Select and copy out every line in the records containing "point".

== Records supplied ==
╔══

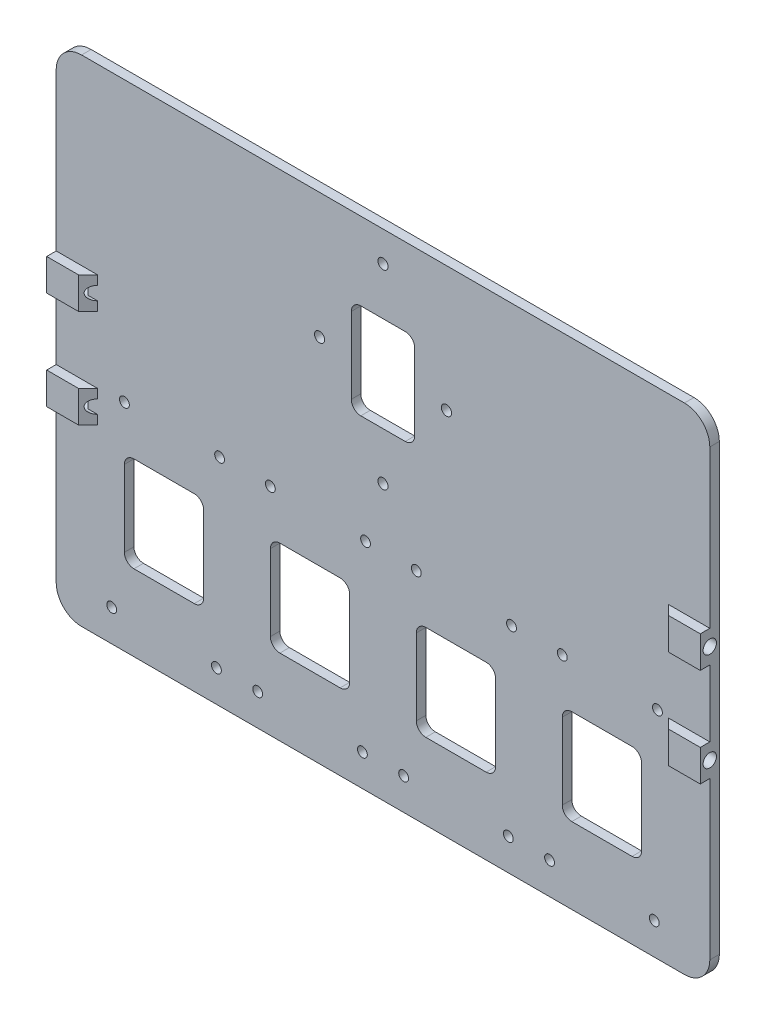
SolidWorks part; units mm, degrees
ref_plane "Front Plane" through (0, 0, 0) normal (1, 0, 0) x (0, 1, 0)
ref_plane "Top Plane" through (0, 0, 0) normal (0, 0, 1) x (0, 1, 0)
ref_plane "Right Plane" through (0, 0, 0) normal (0, 1, 0) x (-1, 0, 0)
sketch "Sketch1" plane through (0, 0, 0) normal (0, 0, 1) x (0, 1, 0)
  line L6 (0, 0) -> (31.4193, 0) construction
  line L7 (-70, -103) -> (70, -103)
  line L8 (-78, -95) -> (-78, 95)
  line L9 (-70, 103) -> (70, 103)
  line L10 (78, -95) -> (78, 95)
  line L11 (-78, -103) -> (78, 103) construction
  line L12 (-78, 103) -> (78, -103) construction
  line L13 (-68, -85.5) -> (-68, -52.5) construction
  line L15 (-10, -86.5) -> (-10, -56.5) construction
  line L23 (38.504, 27.5) -> (38.504, -27.5) construction
  line L25 (-78, 0) -> (-68, 0) construction
  line L30 (68, 0) -> (78, 0) construction
  line L34 (-73, -47.5) -> (-6, -47.5) construction
  line L35 (-73, -47.5) -> (-73, -90.5) construction
  line L40 (-73, -90.5) -> (-6, -90.5) construction
  line L41 (-6, -47.5) -> (-6, -90.5) construction
  line L42 (8.504, 20) -> (68.504, 20) construction
  line L43 (8.504, 20) -> (8.504, -20) construction
  line L44 (8.504, -20) -> (68.504, -20) construction
  line L45 (68.504, 20) -> (68.504, -20) construction
  line L46 (1.004, 27.5) -> (76.004, 27.5) construction
  line L47 (1.004, 27.5) -> (1.004, -27.5) construction
  line L48 (1.004, -27.5) -> (76.004, -27.5) construction
  line L49 (76.004, 27.5) -> (76.004, -27.5) construction
  arc A4 (70, -103) -> (78, -95) centre (70, -95) ccw
  arc A5 (-70, -103) -> (-78, -95) centre (-70, -95) cw
  arc A6 (-78, 95) -> (-70, 103) centre (-70, 95) cw
  arc A7 (70, 103) -> (78, 95) centre (70, 95) cw
  circle A8 centre (-68, -52.5) radius 1.55
  circle A9 centre (-68, -85.5) radius 1.55
  circle A10 centre (-10, -86.5) radius 1.55
  circle A11 centre (-10, -56.5) radius 1.55
  circle A24 centre (-68, -6.5) radius 1.55
  circle A25 centre (-68, -39.5) radius 1.55
  circle A26 centre (-10, -40.5) radius 1.55
  circle A27 centre (-10, -10.5) radius 1.55
  circle A28 centre (-68, 39.5) radius 1.55
  circle A29 centre (-68, 6.5) radius 1.55
  circle A30 centre (-10, 5.5) radius 1.55
  circle A31 centre (-10, 35.5) radius 1.55
  circle A32 centre (-68, 85.5) radius 1.55
  circle A33 centre (-68, 52.5) radius 1.55
  circle A34 centre (-10, 51.5) radius 1.55
  circle A35 centre (-10, 81.5) radius 1.55
  circle A40 centre (8.504, 0) radius 1.6
  circle A41 centre (38.504, 20) radius 1.6
  circle A42 centre (68.504, 0) radius 1.6
  circle A43 centre (38.504, -20) radius 1.6
  point P0 (0, 0)
  point P5 (0, 0)
  dimension "D6" = 8
  dimension "D8" = 3.1
  dimension "D19" = 3.2
  dimension "D1" = 156
  dimension "D3" = 206
  dimension "D7" = 33
  dimension "D10" = 30
  dimension "D5" = 10
  dimension "D4" = 43
  dimension "D11" = 67
  dimension "D12" = 5
  dimension "D13" = 5
  dimension "D9" = 4
  dimension "D15" = 4
  dimension "D16" = 13
  dimension "D17" = 40
  dimension "D18" = 60
  dimension "D21" = 55
  dimension "D22" = 75
  dimension "D20" = 1.996
  dimension "D14" = 4
extrude "Boss-Extrude1" add sketch "Sketch1" along normal blind 3
sketch "Sketch4" plane through (0, 0, 3) normal (0, 0, 1) x (1, 0, 0)
  line L0 (-69, -10) -> (-69, -68) construction
  line L1 (-78.5, -24) -> (-59.5, -24)
  line L2 (-81.5, -27) -> (-81.5, -51)
  line L3 (-78.5, -54) -> (-59.5, -54)
  line L4 (-56.5, -27) -> (-56.5, -51)
  line L5 (-81.5, -10) -> (-51.5, -10) construction
  line L6 (-85.5, -68) -> (-52.5, -68) construction
  line L7 (-81.5, -39) -> (-69, -39) construction
  line L8 (-35.5, -27) -> (-35.5, -51)
  line L9 (-32.5, -24) -> (-13.5, -24)
  line L10 (-32.5, -54) -> (-13.5, -54)
  line L11 (-10.5, -27) -> (-10.5, -51)
  line L12 (10.5, -27) -> (10.5, -51)
  line L13 (13.5, -24) -> (32.5, -24)
  line L14 (13.5, -54) -> (32.5, -54)
  line L15 (35.5, -27) -> (35.5, -51)
  line L16 (56.5, -27) -> (56.5, -51)
  line L17 (59.5, -24) -> (78.5, -24)
  line L18 (59.5, -54) -> (78.5, -54)
  line L19 (81.5, -27) -> (81.5, -51)
  line L20 (69, -8.2965) -> (69, -68) construction
  line L21 (52.5, -68) -> (85.5, -68) construction
  line L22 (-20, 38.504) -> (20, 38.504) construction
  line L23 (-7, 53.504) -> (7, 53.504)
  line L24 (-10, 50.504) -> (-10, 26.504)
  line L25 (-7, 23.504) -> (7, 23.504)
  line L26 (10, 50.504) -> (10, 26.504)
  line L27 (0, 68.504) -> (0, 8.504) construction
  arc A0 (78.5, -54) -> (81.5, -51) centre (78.5, -51) ccw
  arc A1 (78.5, -24) -> (81.5, -27) centre (78.5, -27) cw
  arc A2 (56.5, -27) -> (59.5, -24) centre (59.5, -27) cw
  arc A3 (56.5, -51) -> (59.5, -54) centre (59.5, -51) ccw
  arc A4 (32.5, -24) -> (35.5, -27) centre (32.5, -27) cw
  arc A5 (32.5, -54) -> (35.5, -51) centre (32.5, -51) ccw
  arc A6 (10.5, -51) -> (13.5, -54) centre (13.5, -51) ccw
  arc A7 (10.5, -27) -> (13.5, -24) centre (13.5, -27) cw
  arc A8 (-13.5, -54) -> (-10.5, -51) centre (-13.5, -51) ccw
  arc A9 (-13.5, -24) -> (-10.5, -27) centre (-13.5, -27) cw
  arc A10 (-35.5, -27) -> (-32.5, -24) centre (-32.5, -27) cw
  arc A11 (-35.5, -51) -> (-32.5, -54) centre (-32.5, -51) ccw
  arc A12 (-59.5, -54) -> (-56.5, -51) centre (-59.5, -51) ccw
  arc A13 (-81.5, -51) -> (-78.5, -54) centre (-78.5, -51) ccw
  arc A14 (-59.5, -24) -> (-56.5, -27) centre (-59.5, -27) cw
  arc A15 (-78.5, -24) -> (-81.5, -27) centre (-78.5, -27) ccw
  arc A16 (-10, 26.504) -> (-7, 23.504) centre (-7, 26.504) ccw
  arc A17 (7, 23.504) -> (10, 26.504) centre (7, 26.504) ccw
  arc A18 (7, 53.504) -> (10, 50.504) centre (7, 50.504) cw
  arc A19 (-7, 53.504) -> (-10, 50.504) centre (-7, 50.504) ccw
  point P5 (-58.5, -8.5)
  point P11 (-58.5, -8.5)
  point P67 (-56.5, -54)
  point P72 (-56.5, -24)
  point P75 (-81.5, -24)
  point P98 (10, 23.504)
  point P101 (10, 53.504)
  point P104 (-10, 53.504)
  dimension "D4" = 3
  dimension "D7" = 3
  dimension "D1" = 25
  dimension "D2" = 30
  dimension "D3" = 4
  dimension "D5" = 20
  dimension "D6" = 30
extrude "Cut-Extrude3" cut sketch "Sketch4" against normal up to next
sketch "Sketch3" plane through (103, 0, 0) normal (1, 0, 0) x (0, 1, 0)
  line L0 (0, 3) -> (0, 0) construction
  line L1 (-70, 3) -> (70, 3) construction
  line L2 (-70, 0) -> (70, 0) construction
  line L3 (-20.5, 3) -> (-10.5, 3) construction
  line L7 (-20.5, 6) -> (-10.5, 6)
  line L8 (-20.5, 6) -> (-20.5, 0)
  line L9 (-20.5, 0) -> (-10.5, 0)
  line L10 (-10.5, 6) -> (-10.5, 0)
  line L11 (10.5, 6) -> (20.5, 6)
  line L12 (10.5, 6) -> (10.5, 0)
  line L13 (10.5, 0) -> (20.5, 0)
  line L14 (20.5, 6) -> (20.5, 0)
  circle A1 centre (-15.5, 3) radius 2.1
  circle A2 centre (15.5, 3) radius 2.1
  dimension "D2" = 4.2
  dimension "D3" = 31
  dimension "D4" = 10
  dimension "D5" = 6
extrude "Boss-Extrude2" add sketch "Sketch3" against normal blind 10 contours L7 L10 L9 L8 | L11 L14 L13 L12
extrude "Boss-Extrude3" add sketch "Sketch3<4>" along normal blind 10 from surface contours L10 L9 L8 L7 | L12 L13 L14 L11 starting at face at (-103, 0, 1.5)
sketch "Sketch3<4>" plane through (103, 0, 0) normal (1, 0, 0) x (0, 1, 0) same geometry as "Sketch3"
extrude "Cut-Extrude4" cut sketch "Sketch3<6>" against normal blind 10 contours A1 | A2
sketch "Sketch3<6>" plane through (103, 0, 0) normal (1, 0, 0) x (0, 1, 0) same geometry as "Sketch3"
extrude "Cut-Extrude5" cut sketch "Sketch3<7>" along normal blind 10 from surface contours A2 | A1 starting at face at (-103, 0, 3.5)
sketch "Sketch3<7>" plane through (103, 0, 0) normal (1, 0, 0) x (0, 1, 0) same geometry as "Sketch3"
chamfer "Chamfer1" distance 3 angle 45 4 edges at (93, -19.05, 3) (93, 11.95, 3) (-93, -19.05, 3) (-93, 11.95, 3)
equation "\"MotorDriverLength\"= 60mm"
equation "\"MotorLength\"= 60"
equation "\"MotorDriverWidth\"=44"
equation "\"MotorWidth\"= 37"
equation "\"InnerWallThickness\"=3"
equation "\"BatteryWidth\"= 60"
equation "\"OuterWallThickness\" = 6"
equation "\"CompartmentHeight\"=37"
equation "\"CompartmentWidth\"= \"MotorDriverLength\""
equation "\"MotorDiameter\"=37"
equation "\"BatteryHeight\"=24.2019"
equation "\"MotorDriverHeight\"=28"
equation "\"CircuitHeight\"=30"
equation "\"FanThickness\"= 10"
equation "\"FanHeight\"=50"
equation "\"MotorShaftHole\"=12"
equation "\"BearingBore\"=4"
equation "\"MinShinWidth\"= 20"
equation "\"ShinThickness\"=10"
equation "\"PivotDistance\"=30"
equation "\"ThighLength\"= 200"
equation "\"KneeLength\" =20"
equation "\"HipBore\"=27"
equation "\"ThighThickness\"=20"
equation "\"MaxBending\"=135"
equation "\"MaxStretchingAngle\"= 140"
equation "\"ThighJointDistance\"=157.485"
equation "\"ShinLength\"=120"
equation "\"BearingDiameter\"= 10"
equation "\"CircuitLength\"=50"
equation "\"ChessisInnerWidth\"= \"OuterWallThickness\" * 2 + \"MotorDriverLength\" + \"MotorDiameter\" + \"InnerWallThickness\" * 3 + \"CircuitLength\""
equation "\"ChessisHeight\"= \"BatteryHeight\" + 10 + \"InnerWallThickness\" + \"MotorDiameter\" + 10 + \"OuterWallThickness\" * 2"
equation "\"ChassisWidth\"= \"MotorDriverWidth\"*4+30"
equation "\"D3@Sketch1\"=\"ChassisWidth\""
equation "\"D1@Sketch1\"=\"ChessisInnerWidth\"-\"OuterWallThickness\"*2"

╚══

== Output of the exercise ==
  point P0 (0, 0)
  point P5 (0, 0)
  point P5 (-58.5, -8.5)
  point P11 (-58.5, -8.5)
  point P67 (-56.5, -54)
  point P72 (-56.5, -24)
  point P75 (-81.5, -24)
  point P98 (10, 23.504)
  point P101 (10, 53.504)
  point P104 (-10, 53.504)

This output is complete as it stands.